The distribution and comparison of PC‐wise total notification rates highlight the inter‐state and inter‐PC inequalities and bring up different patterns. We noted high total notification rates and high percentage of private‐sector notification in Gujarat and a pattern of high total notification rate with a low percentage private sector notification in Delhi, Chandigarh and Himachal Pradesh. The latter indicates an overburdened public sector and the need to prioritise private sector involvement in the program. PCs with high notification rates adjoining PCs in low notification categories could indicate cross‐district health service utilisation, thereby burdening a district’s diagnosis and reporting system. For example, all the PCs in Bihar had low notification rates except for the state capital. There are temporary movements of patients from rural areas and towns into the city for diagnostic evaluation. The high TB notification in Delhi ad Chandigarh has been attributed to the state providing diagnostic care for populations beyond their boundaries [2]. In a study, one‐sixth of patients diagnosed in Chennai reported home addresses located outside the city, mostly in nearby districts [19]. A study reported that patients from neighbouring districts and states approach the capital cities’ facilities, hoping to get better quality of services [20]. In 2019, there were 11% inter‐district and 4% interstate transfers among notified patients [2]. The program should have mechanisms to detect cross‐district treatment‐seeking along with corrective actions. Another pattern was noted in the state of Uttar Pradesh, where notification rates showed within‐state heterogeneity but the similarity with PCs in adjoining states. A scheme of inter‐state partnership will help draw a common framework for improving case notification in these PCs. Elected representatives can play a role in facilitating the need‐based allocation of additional resources and establishing coordination between PCs and states. Such data‐driven interventions will be more aligned to the local context.
While PCs in Tripura and Lakshadweep have low estimates of both indicators, PCs in Kerala and Bihar are in lower deciles of TNR and higher deciles of percentage private sector notification. However, the performances of these two states in TB programs have been documented to be different. Kerala has achieved good integration of TB services with primary healthcare services, good private sector engagement and local self‐government stewardship. It has resulted in Kerala's multi‐layered and sustained TB control model [21]. The shortage of ground‐level staff has been identified as a critical limitation leading to low notification and treatment success rates in Bihar [22].

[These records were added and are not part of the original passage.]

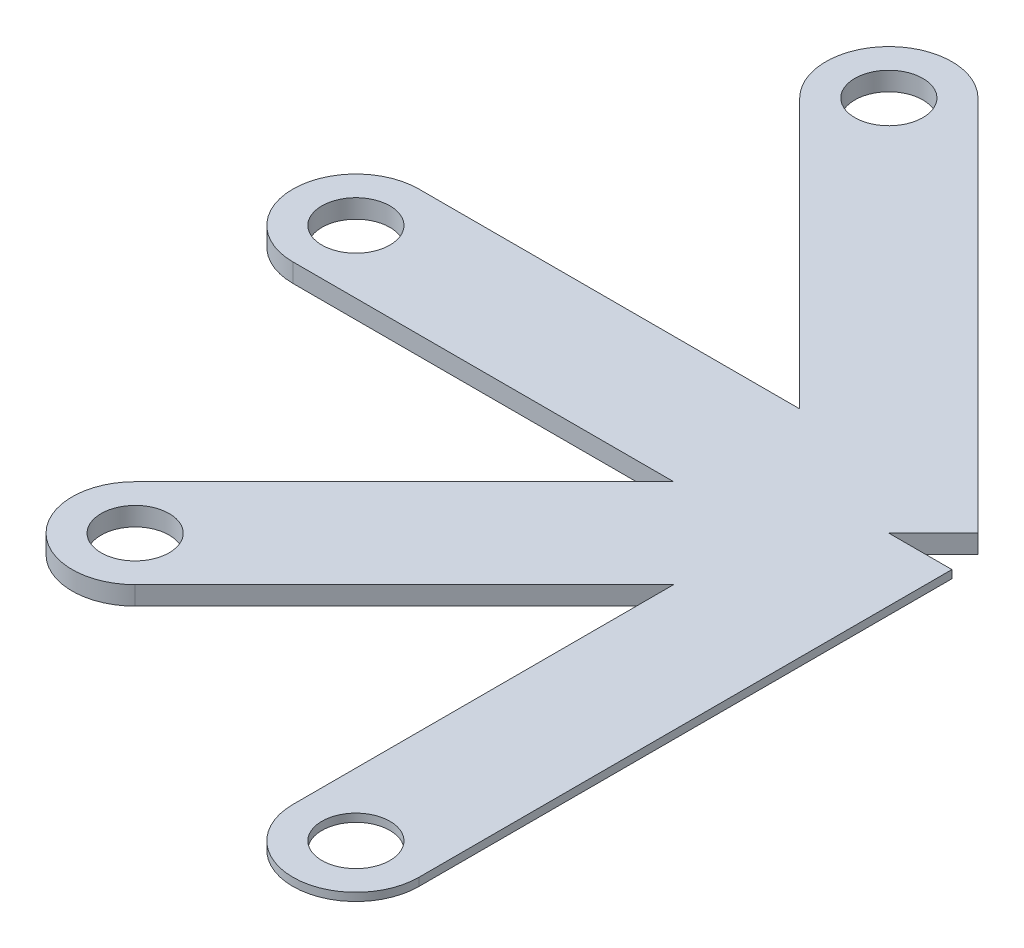
ISO-10303-21;
HEADER;
FILE_DESCRIPTION(('STEP AP214'),'2;1');
FILE_NAME('part.step','',(''),(''),'','','');
FILE_SCHEMA(('AUTOMOTIVE_DESIGN { 1 0 10303 214 1 1 1 1 }'));
ENDSEC;
DATA;
#1=APPLICATION_CONTEXT('core data for automotive mechanical design processes');
#2=APPLICATION_PROTOCOL_DEFINITION('international standard','automotive_design',2000,#1);
#3=PRODUCT_CONTEXT('',#1,'mechanical');
#4=PRODUCT('Part','Part','',(#3));
#5=PRODUCT_RELATED_PRODUCT_CATEGORY('part','',(#4));
#6=PRODUCT_DEFINITION_FORMATION('','',#4);
#7=PRODUCT_DEFINITION_CONTEXT('part definition',#1,'design');
#8=PRODUCT_DEFINITION('design','',#6,#7);
#9=PRODUCT_DEFINITION_SHAPE('','',#8);
#10=(LENGTH_UNIT() NAMED_UNIT(*) SI_UNIT(.MILLI.,.METRE.));
#11=(NAMED_UNIT(*) PLANE_ANGLE_UNIT() SI_UNIT($,.RADIAN.));
#12=(NAMED_UNIT(*) SI_UNIT($,.STERADIAN.) SOLID_ANGLE_UNIT());
#13=UNCERTAINTY_MEASURE_WITH_UNIT(LENGTH_MEASURE(1.E-05),#10,'distance_accuracy_value','');
#14=(GEOMETRIC_REPRESENTATION_CONTEXT(3) GLOBAL_UNCERTAINTY_ASSIGNED_CONTEXT((#13)) GLOBAL_UNIT_ASSIGNED_CONTEXT((#10,
#11,#12)) REPRESENTATION_CONTEXT('',''));
#15=CARTESIAN_POINT('',(0.,0.,0.));
#16=DIRECTION('',(0.,0.,1.));
#17=DIRECTION('',(1.,0.,0.));
#18=AXIS2_PLACEMENT_3D('',#15,#16,#17);
#19=CARTESIAN_POINT('',(1.69726840688207,-0.7112,1.69726840688207));
#20=DIRECTION('',(0.707106781186548,0.,-0.707106781186547));
#21=DIRECTION('',(-0.707106781186547,0.,-0.707106781186548));
#22=AXIS2_PLACEMENT_3D('',#19,#20,#21);
#23=PLANE('',#22);
#24=DIRECTION('',(0.,1.,0.));
#25=VECTOR('',#24,1.);
#26=CARTESIAN_POINT('',(1.69726840688207,-0.7112,1.69726840688207));
#27=LINE('',#26,#25);
#28=CARTESIAN_POINT('',(1.69726840688207,-0.3048,1.69726840688207));
#29=VERTEX_POINT('',#28);
#30=CARTESIAN_POINT('',(1.69726840688207,-0.7112,1.69726840688207));
#31=VERTEX_POINT('',#30);
#32=EDGE_CURVE('E202',#29,#31,#27,.F.);
#33=ORIENTED_EDGE('',*,*,#32,.T.);
#34=DIRECTION('',(-0.707106781186546,0.,-0.707106781186549));
#35=VECTOR('',#34,1.);
#36=CARTESIAN_POINT('',(1.69726840688207,-0.7112,1.69726840688207));
#37=LINE('',#36,#35);
#38=CARTESIAN_POINT('',(0.,-0.7112,0.));
#39=VERTEX_POINT('',#38);
#40=EDGE_CURVE('E177',#31,#39,#37,.T.);
#41=ORIENTED_EDGE('',*,*,#40,.T.);
#42=DIRECTION('',(0.,1.,0.));
#43=VECTOR('',#42,1.);
#44=CARTESIAN_POINT('',(0.,-0.7112,0.));
#45=LINE('',#44,#43);
#46=CARTESIAN_POINT('',(0.,-0.3048,0.));
#47=VERTEX_POINT('',#46);
#48=EDGE_CURVE('E117',#39,#47,#45,.T.);
#49=ORIENTED_EDGE('',*,*,#48,.T.);
#50=DIRECTION('',(0.707106781186547,0.,0.707106781186548));
#51=VECTOR('',#50,1.);
#52=CARTESIAN_POINT('',(0.,-0.3048,0.));
#53=LINE('',#52,#51);
#54=EDGE_CURVE('E192',#47,#29,#53,.T.);
#55=ORIENTED_EDGE('',*,*,#54,.T.);
#56=EDGE_LOOP('',(#33,#41,#49,#55));
#57=FACE_BOUND('',#56,.T.);
#58=ADVANCED_FACE('F16',(#57),#23,.T.);
#59=CARTESIAN_POINT('',(0.,-0.3048,20.2946));
#60=DIRECTION('',(0.,1.,0.));
#61=DIRECTION('',(0.,0.,1.));
#62=AXIS2_PLACEMENT_3D('',#59,#60,#61);
#63=PLANE('',#62);
#64=DIRECTION('',(0.707106781186547,0.,-0.707106781186548));
#65=VECTOR('',#64,1.);
#66=CARTESIAN_POINT('',(-12.6531808745864,-0.3048,16.0477176883506));
#67=LINE('',#66,#65);
#68=CARTESIAN_POINT('',(-2.4003,-0.3048,5.79483681376415));
#69=VERTEX_POINT('',#68);
#70=EDGE_CURVE('E215',#29,#69,#67,.F.);
#71=ORIENTED_EDGE('',*,*,#70,.F.);
#72=ORIENTED_EDGE('',*,*,#54,.F.);
#73=DIRECTION('',(-1.,0.,0.));
#74=VECTOR('',#73,1.);
#75=CARTESIAN_POINT('',(2.4003,-0.3048,0.));
#76=LINE('',#75,#74);
#77=CARTESIAN_POINT('',(2.4003,-0.3048,0.));
#78=VERTEX_POINT('',#77);
#79=EDGE_CURVE('E195',#78,#47,#76,.T.);
#80=ORIENTED_EDGE('',*,*,#79,.F.);
#81=DIRECTION('',(0.,0.,-1.));
#82=VECTOR('',#81,1.);
#83=CARTESIAN_POINT('',(2.4003,-0.3048,20.2946));
#84=LINE('',#83,#82);
#85=CARTESIAN_POINT('',(2.4003,-0.3048,20.2946));
#86=VERTEX_POINT('',#85);
#87=EDGE_CURVE('E125',#86,#78,#84,.T.);
#88=ORIENTED_EDGE('',*,*,#87,.F.);
#89=CARTESIAN_POINT('',(0.,-0.3048,20.2946));
#90=DIRECTION('',(0.,-1.,0.));
#91=DIRECTION('',(0.,0.,-1.));
#92=AXIS2_PLACEMENT_3D('',#89,#90,#91);
#93=CIRCLE('',#92,2.4003);
#94=CARTESIAN_POINT('',(-2.4003,-0.3048,20.2946));
#95=VERTEX_POINT('',#94);
#96=EDGE_CURVE('E281',#95,#86,#93,.F.);
#97=ORIENTED_EDGE('',*,*,#96,.F.);
#98=DIRECTION('',(0.,0.,1.));
#99=VECTOR('',#98,1.);
#100=CARTESIAN_POINT('',(-2.4003,-0.3048,0.));
#101=LINE('',#100,#99);
#102=EDGE_CURVE('E209',#69,#95,#101,.T.);
#103=ORIENTED_EDGE('',*,*,#102,.F.);
#104=EDGE_LOOP('',(#71,#72,#80,#88,#97,#103));
#105=FACE_BOUND('',#104,.T.);
#106=CARTESIAN_POINT('',(0.,-0.3048,20.2946));
#107=DIRECTION('',(0.,-1.,0.));
#108=DIRECTION('',(0.,0.,-1.));
#109=AXIS2_PLACEMENT_3D('',#106,#107,#108);
#110=CIRCLE('',#109,1.2954);
#111=CARTESIAN_POINT('',(0.,-0.3048,18.9992));
#112=VERTEX_POINT('',#111);
#113=EDGE_CURVE('E274',#112,#112,#110,.F.);
#114=ORIENTED_EDGE('',*,*,#113,.T.);
#115=EDGE_LOOP('',(#114));
#116=FACE_BOUND('',#115,.T.);
#117=ADVANCED_FACE('F552',(#105,#116),#63,.F.);
#118=CARTESIAN_POINT('',(-14.3504492814685,-0.7112,14.3504492814685));
#119=DIRECTION('',(0.,1.,0.));
#120=DIRECTION('',(0.,0.,1.));
#121=AXIS2_PLACEMENT_3D('',#118,#119,#120);
#122=PLANE('',#121);
#123=CARTESIAN_POINT('',(-14.3504492814685,-0.7112,-14.3504492814685));
#124=DIRECTION('',(0.,-1.,0.));
#125=DIRECTION('',(0.,0.,-1.));
#126=AXIS2_PLACEMENT_3D('',#123,#124,#125);
#127=CIRCLE('',#126,1.2954);
#128=CARTESIAN_POINT('',(-14.3504492814685,-0.7112,-15.6458492814685));
#129=VERTEX_POINT('',#128);
#130=EDGE_CURVE('E264',#129,#129,#127,.F.);
#131=ORIENTED_EDGE('',*,*,#130,.T.);
#132=EDGE_LOOP('',(#131));
#133=FACE_BOUND('',#132,.T.);
#134=CARTESIAN_POINT('',(-20.2946,-0.7112,0.));
#135=DIRECTION('',(0.,-1.,0.));
#136=DIRECTION('',(0.,0.,-1.));
#137=AXIS2_PLACEMENT_3D('',#134,#135,#136);
#138=CIRCLE('',#137,1.2954);
#139=CARTESIAN_POINT('',(-20.2946,-0.7112,-1.2954));
#140=VERTEX_POINT('',#139);
#141=EDGE_CURVE('E268',#140,#140,#138,.F.);
#142=ORIENTED_EDGE('',*,*,#141,.T.);
#143=EDGE_LOOP('',(#142));
#144=FACE_BOUND('',#143,.T.);
#145=CARTESIAN_POINT('',(-14.3504492814685,-0.7112,14.3504492814685));
#146=DIRECTION('',(0.,-1.,0.));
#147=DIRECTION('',(0.,0.,-1.));
#148=AXIS2_PLACEMENT_3D('',#145,#146,#147);
#149=CIRCLE('',#148,1.2954);
#150=CARTESIAN_POINT('',(-14.3504492814685,-0.7112,13.0550492814685));
#151=VERTEX_POINT('',#150);
#152=EDGE_CURVE('E271',#151,#151,#149,.F.);
#153=ORIENTED_EDGE('',*,*,#152,.T.);
#154=EDGE_LOOP('',(#153));
#155=FACE_BOUND('',#154,.T.);
#156=DIRECTION('',(0.707106781186548,0.,0.707106781186547));
#157=VECTOR('',#156,1.);
#158=CARTESIAN_POINT('',(-16.0477176883506,-0.7112,-12.6531808745864));
#159=LINE('',#158,#157);
#160=CARTESIAN_POINT('',(-16.0477176883506,-0.7112,-12.6531808745864));
#161=VERTEX_POINT('',#160);
#162=CARTESIAN_POINT('',(-5.79483681376415,-0.7112,-2.4003));
#163=VERTEX_POINT('',#162);
#164=EDGE_CURVE('E104',#161,#163,#159,.T.);
#165=ORIENTED_EDGE('',*,*,#164,.F.);
#166=CARTESIAN_POINT('',(-14.3504492814685,-0.7112,-14.3504492814685));
#167=DIRECTION('',(0.,-1.,0.));
#168=DIRECTION('',(0.,0.,-1.));
#169=AXIS2_PLACEMENT_3D('',#166,#167,#168);
#170=CIRCLE('',#169,2.4003);
#171=CARTESIAN_POINT('',(-12.6531808745865,-0.7112,-16.0477176883506));
#172=VERTEX_POINT('',#171);
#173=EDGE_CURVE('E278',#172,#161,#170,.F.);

In addition to the critical role of public health systems in TB control, the contribution of the private sector in service provision has been acknowledged since the 1990s. Improving private sector notification offers an entry point for public‐private partnerships, ensures the rational use of drugs and linkages with public health action for patients in the private sector, prevents out‐of‐pocket expenditure and improves treatment outcomes. The proportion of private sector notification indicates private sector engagement in the program. The target set for the proportion of TB patients notified by the private sector is 50% for the year 2025 [7]. In this analysis, the percentage of Private Sector Notification in most PCs was <50%. Various schemes and approaches for public‐private partnership implemented in high TB burden countries for over two decades have shown mixed results [23]. Political commitment, action and investment which have been recommended as key action points for scaling up Public‐Private Mix, have not been commensurate to the scale of the problem [24]. In India, PC‐level information on private sector performance can help secure the support of elected representatives for scaling up successful experiences and ensuring the sustainability of private sector involvement. There is evidence to suggest that instead of a centrally administered uniform model, services may be decentralised to develop locally appropriate models of partnerships with private providers [25]. PCs with adequate private sector notification can serve as role models for neighbouring constituencies. Kerala has had good private sector engagement in the program for many years. An important lesson learned from the state is its success in garnering support and collaboration with private hospital consortiums and professional medical associations. They have acted as crucial links between the public and private sectors [21]. An essential strategy for improving private sector engagement would be inter‐district/interstate collaboration for experience sharing with successful models and pilot projects in the region [26, 27]. Elected representatives can create an environment conducive to such collaborations, motivate all healthcare providers to render quality‐assured TB care in partnership with the national program and increase population‐level demand for accredited TB care services. It will go a long way to achieve universal coverage of services provided under the TB program.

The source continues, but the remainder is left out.